But she believes there is progress. “Walking down past the other side of the wall today, I don’t feel as bad as I would have done 10 or 20 years ago. But it’s because we were all together. I wouldn’t do it on my own.
“This is the only scar it leaves us with; we have to watch and we’re afraid to go into certain places.
“My grandson doesn’t care walking past it – which is good. You say to yourself, if you went to live somewhere else, god knows what it would be like.
“We’ve witnessed a lot and our lives would have been very different if the Troubles hadn’t happened. But you just get on with it.”
Passing through the peace gates at Lanark Way – which have roads running through them but still close at 10.30pm each night and reopen at 6am – Patsy is also firm in her opposition to change.
Last month, Stormont’s Department of Justice leafleted the area about plans to “reimage” the steel gates.

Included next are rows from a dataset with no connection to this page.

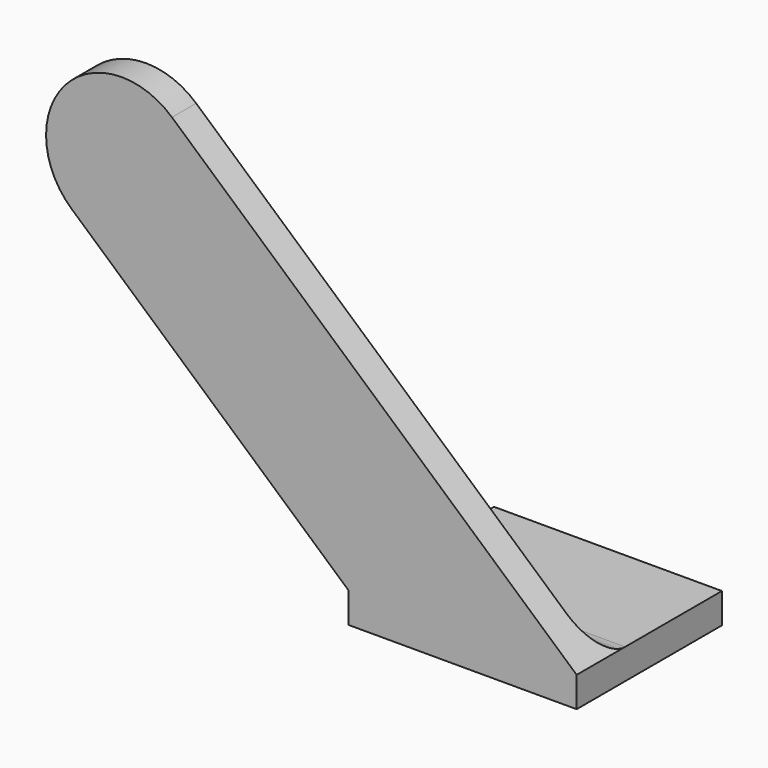
from build123d import *

# Parameters (mm, degrees)
F0_R          = 2.5
F1_DEPTH      = 2
F0_W          = 15.064
F0_H          = 2
F2_DEPTH      = 10
F2_DEPTH_BACK = 2
F3_DEPTH      = 2
F3_DEPTH_BACK = 2
F4_R          = 2


# Not quite as in the source:
# - ends of sketch curves that miss each other by under 0.0002 mm in the source are joined


with BuildPart() as f1:
    # F0 (on Front) → F1 (new body)
    with BuildSketch(Plane.XZ):
        with BuildLine():
            Line((30.0639452948, -20), (3.3191835885, 3.7393876913))
            ThreePointArc((3.3191835885, 3.7393876913), (-3.7393876913, 3.3191835885), (-3.3191835885, -3.7393876913))
            Line((-3.3191835885, -3.7393876913), (15, -20))
            Line((15, -20), (30.0639452948, -20))
        make_face()
        Circle(F0_R, mode=Mode.SUBTRACT)
    extrude(amount=F1_DEPTH)

    # F0 (on Front) → F2 (join, two sides)
    with BuildSketch(Plane.XZ) as f2_sk:
        with Locations((22.532, -21)):
            Rectangle(F0_W, F0_H)
    extrude(amount=-F2_DEPTH)
    extrude(f2_sk.sketch, amount=F2_DEPTH_BACK)

    # F0 (on Front) → F3 (join, two sides)
    with BuildSketch(Plane.XZ) as f3_sk:
        Circle(F0_R)
    extrude(amount=F3_DEPTH)
    extrude(f3_sk.sketch, amount=-F3_DEPTH_BACK)

    # F4
    f4_edges = [f1.edges().sort_by_distance(p)[0] for p in [
        (22.531973, 0, -20),
    ]]
    fillet(f4_edges, radius=F4_R)


solid = f1.part
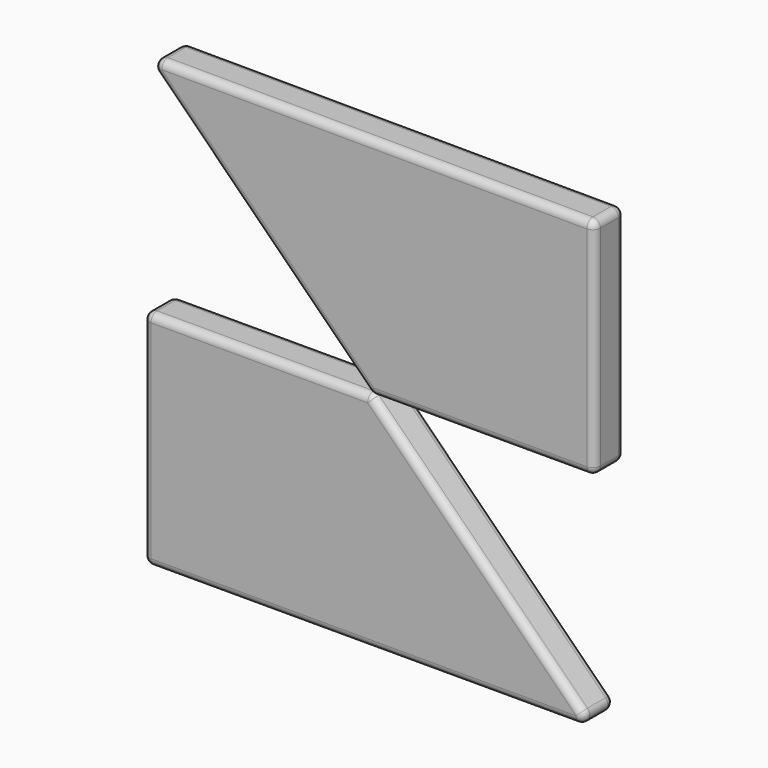
from build123d import *

# Parameters (mm, degrees)
F1_DEPTH = 12.7
F2_R     = 2.54
F2_2_R   = 2.54
F3_R     = 2.54
F3_2_R   = 2.54


with BuildPart() as f1:
    # F0 (on Front) → F1 (new body)
    with BuildSketch(Plane.XZ):
        Polygon((75.2567246384, -74.9815637702), (0, 0), (-76.5130594373, -74.9815637702), align=None)
        Polygon((-76.5130594373, -74.9815637702), (0, 0), (-76.5130594373, 0), align=None)
    extrude(amount=F1_DEPTH)

    # F2
    f2_edges = [f1.edges().sort_by_distance(p)[0] for p in [
        (0, -6.35, 0),
    ]]
    fillet(f2_edges, radius=F2_R)

    # F3
    f3_edges = [f1.edges().sort_by_distance(p)[0] for p in [
        (-76.513059, -6.35, 0),
        (-76.513059, -6.35, -74.981564),
        (-76.513059, 0, -37.490782),
        (-76.513059, -12.7, -37.490782),
        (-38.781219, 0, 0),
        (-1.049378, -6.35, 0),
        (-38.781219, -12.7, 0),
        (75.256725, -6.35, -74.981564),
        (-0.628167, 0, -74.981564),
        (-0.628167, -12.7, -74.981564),
        (38.000052, 0, -37.861113),
        (0.74338, -6.35, -0.740662),
        (38.000052, -12.7, -37.861113),
        (-0.079512, 0, -0.192457),
        (-0.079512, -12.7, -0.192457),
    ]]
    fillet(f3_edges, radius=F3_R)


with BuildPart() as f1b:
    # F0 (on Front) → F1, piece 2 (new body)
    with BuildSketch(Plane.XZ):
        Polygon((75.2567246384, 75.5328952683), (0, 0), (75.2567246384, 0), align=None)
        Polygon((75.2567246384, 75.5328952683), (-76.5130594373, 76.233305037), (0, 0), align=None)
    extrude(amount=F1_DEPTH)

    # F2#2
    f2_2_edges = [f1b.edges().sort_by_distance(p)[0] for p in [
        (-76.513059, -6.35, 76.233305),
        (-38.25653, 0, 38.116653),
        (-38.25653, -12.7, 38.116653),
        (75.256725, -6.35, 75.532895),
        (-0.628167, 0, 75.8831),
        (-0.628167, -12.7, 75.8831),
        (75.256725, -6.35, 0),
        (75.256725, 0, 37.766448),
        (75.256725, -12.7, 37.766448),
        (37.628362, 0, 0),
        (37.628362, -12.7, 0),
    ]]
    fillet(f2_2_edges, radius=F2_2_R)

    # F3#2
    f3_2_edges = [f1b.edges().sort_by_distance(p)[0] for p in [
        (0, -6.35, 0),
    ]]
    fillet(f3_2_edges, radius=F3_2_R)


solid = Compound([f1.part, f1b.part])
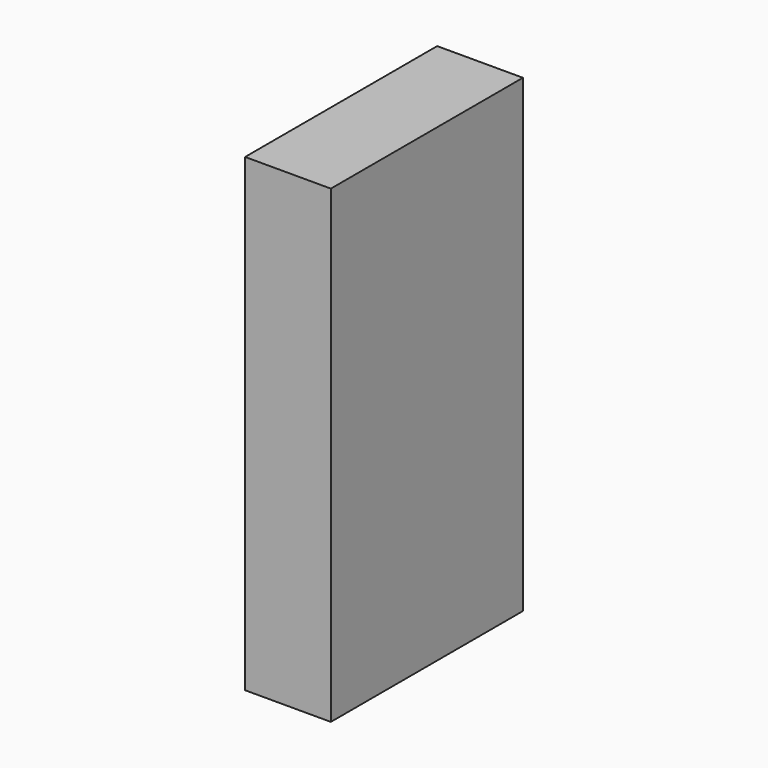
from build123d import *

# Parameters (mm, degrees)
F1_DEPTH = 1


# Not quite as in the source:
# - a feature names something its author has since deleted; it is built from what else it names


with BuildPart() as f1:
    # F0 (on Right) → F1 (new body)
    with BuildSketch(Plane.YZ):
        Polygon((4.35, -25), (5.25, -25), (6.25, -25), (7.15, -25), (7.15, -19.52432096), (4.35, -19.52432096), align=None)
    extrude(amount=F1_DEPTH)


solid = f1.part
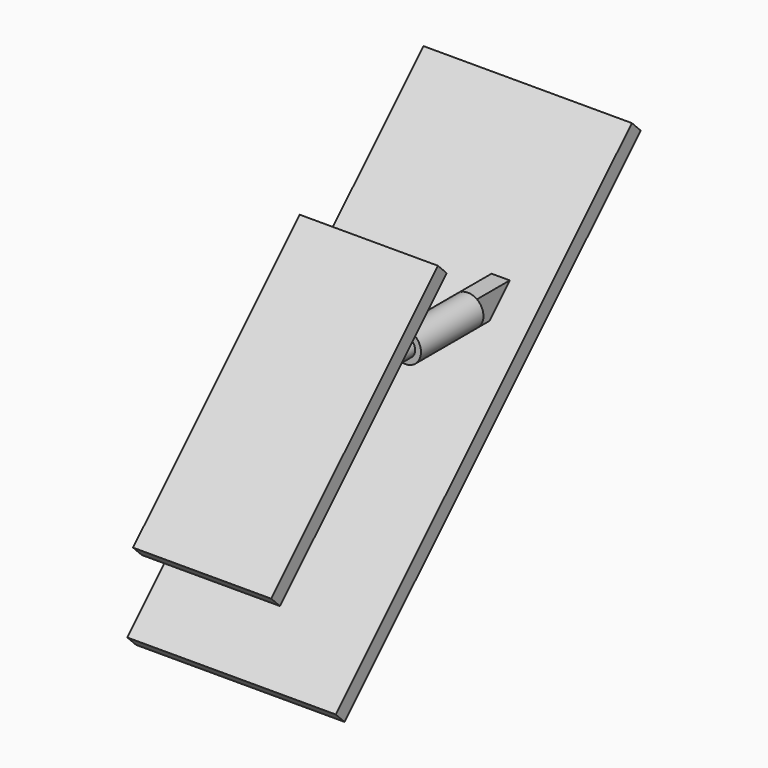
from build123d import *

# Parameters (mm, degrees)
F0_R         = 25.4
F1_DEPTH     = 127
F2_R         = 15.875
F3_DEPTH     = 203.2
F4_W         = 18.542
F4_H         = 25.7731786165
F5_DEPTH     = 25.4
F6_SIZE      = 25.39999
F7_W         = 18.542
F7_H         = 35.9210244843
F8_DEPTH     = 12.7
F9_W         = 29.620467016
F9_H         = 41.2706667472
F10_DEPTH    = 76.2
F11_T1_DEPTH = 290.9034585933
F12_W        = 224.6891856194
F12_H        = 479.333948344
F13_DEPTH    = 25.4
F14_W        = 338.9952555299
F14_H        = 851.445376873
F15_DEPTH    = 25.4


# Not quite as in the source:
# - a fillet or chamfer that OpenCascade refuses, or shapes differently, is made with other operations: its cross-section is extruded or revolved along the edge and cut away or added
# - a fillet or chamfer is up to 0.001 mm smaller than in the source, because OpenCascade refuses the exact size


with BuildPart() as f1:
    # F0 (on Front) → F1 (new body)
    with BuildSketch(Plane.XZ):
        Circle(F0_R)
    extrude(amount=F1_DEPTH)

    # F2 (on face) → F3 (join)
    with BuildSketch(Plane.XZ.offset(127)):
        Circle(F2_R)
    extrude(amount=F3_DEPTH)

    # F4 (on face) → F5 (join)
    with BuildSketch(Plane.XZ.offset(330.2)):
        Rectangle(F4_W, F4_H)
    extrude(amount=F5_DEPTH)

    # F6 (size 25.4 in the source; OpenCascade refuses exactly that, so slightly less here)
    f6_edges = [f1.edges().sort_by_distance(p)[0] for p in [
        (0, -355.6, 12.886589),
    ]]
    chamfer(f6_edges, length=F6_SIZE)

    # F7 (on face) → F8 (join)
    with BuildSketch(Plane(origin=(0, -171.5432946541, 171.5432946541), x_dir=(1, 0, 0), z_dir=(0, -0.7071067812, 0.7071067812))):
        with Locations((0, -242.3349767037)):
            Rectangle(F7_W, F7_H)
    extrude(amount=F8_DEPTH)

    # F9 (on face) → F10 (join)
    with BuildSketch(Plane(origin=(0, 0, 0), x_dir=(-1, 0, 0), z_dir=(0, 1, 0))):
        with Locations((-1.508e-06, -1.0823e-06)):
            Rectangle(F9_W, F9_H)
    extrude(amount=F10_DEPTH)

    # F11: chamfer of 50.8 on 1 edges, made by hand

    # F11_s2 → F11_t1 (cut)
    with BuildSketch(Plane.YZ.offset(-145.4517277887)):
        Polygon((25.4, -20.6353344559), (76.2, 30.1646655441), (76.2, -20.6353344559), align=None)
    extrude(amount=F11_T1_DEPTH, mode=Mode.SUBTRACT)

    # F12 (on face) → F13 (join)
    with BuildSketch(Plane(origin=(0, -180.5235507752, 180.5235507752), x_dir=(1, 0, 0), z_dir=(0, -0.7071067812, 0.7071067812))):
        with Locations((6.4224079251, -255.024516955)):
            Rectangle(F12_W, F12_H)
    extrude(amount=F13_DEPTH)

    # F14 (on face) → F15 (join)
    with BuildSketch(Plane(origin=(0, 23.0176672279, -23.0176672279), x_dir=(1, 0, 0), z_dir=(0, 0.7071067812, -0.7071067812))):
        with Locations((-95.1869599521, 118.0603802204)):
            Rectangle(F14_W, F14_H)
    extrude(amount=F15_DEPTH)


solid = f1.part
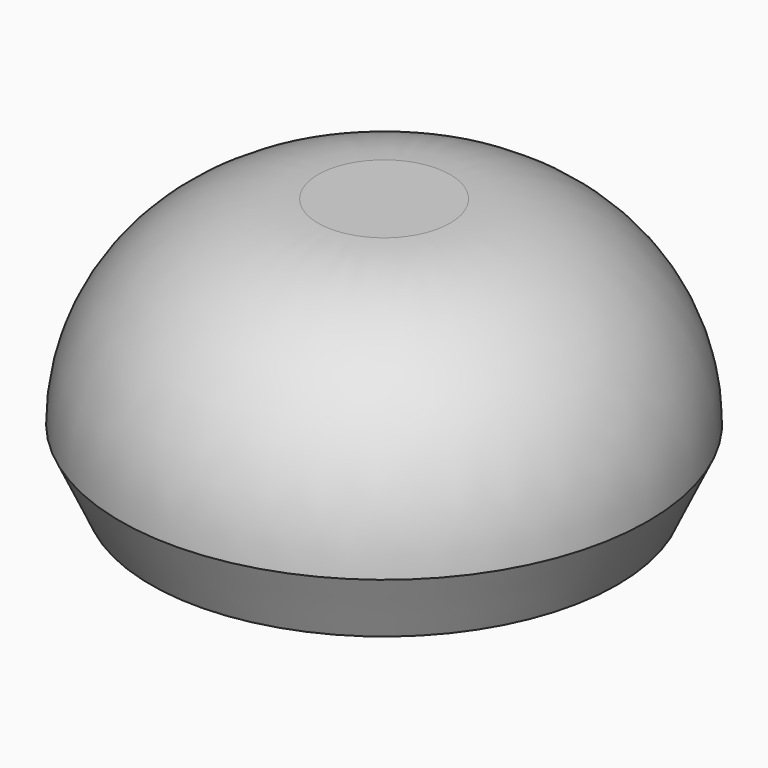
from build123d import *

# Parameters (mm, degrees)
F0_W     = 25.4
F0_H     = 25.4
F2_R     = 19.05
F3_SIZE2 = 2.961044
F3_SIZE  = 6.34999


# Not quite as in the source:
# - a fillet or chamfer is up to 0.001 mm smaller than in the source, because OpenCascade refuses the exact size


with BuildPart() as f1:
    # F0 (on Front) → F1 (revolve)
    with BuildSketch(Plane.XZ):
        with Locations((12.7, 12.7)):
            Rectangle(F0_W, F0_H)
    revolve(axis=Axis((0, 0, 12.7), (0, 0, 1)))

    # F2
    f2_edges = [f1.edges().sort_by_distance(p)[0] for p in [
        (-25.4, 0, 25.4),
    ]]
    fillet(f2_edges, radius=F2_R)

    # F3 (size 6.35 and 2.9610536293 in the source; OpenCascade refuses exactly that, so slightly less here)
    f3_edges = [f1.edges().sort_by_distance(p)[0] for p in [
        (-25.4, 0, 0),
    ]]
    chamfer(f3_edges, length=F3_SIZE, length2=F3_SIZE2)


solid = f1.part

While there has been relative stability in recent years, some of the worst sectarian violence in decades took place near the Lanark Way gates in 2021.
“They’re talking about them being replaced with see-through gates. I don’t know if that’s a good’s idea,” says Patsy.
She is aware of those who would like to see the walls demolished.
“If the peace wall wasn’t there, we wouldn’t be living here,” adds Patsy. “We wouldn’t want to see it coming down, it’s far too early.”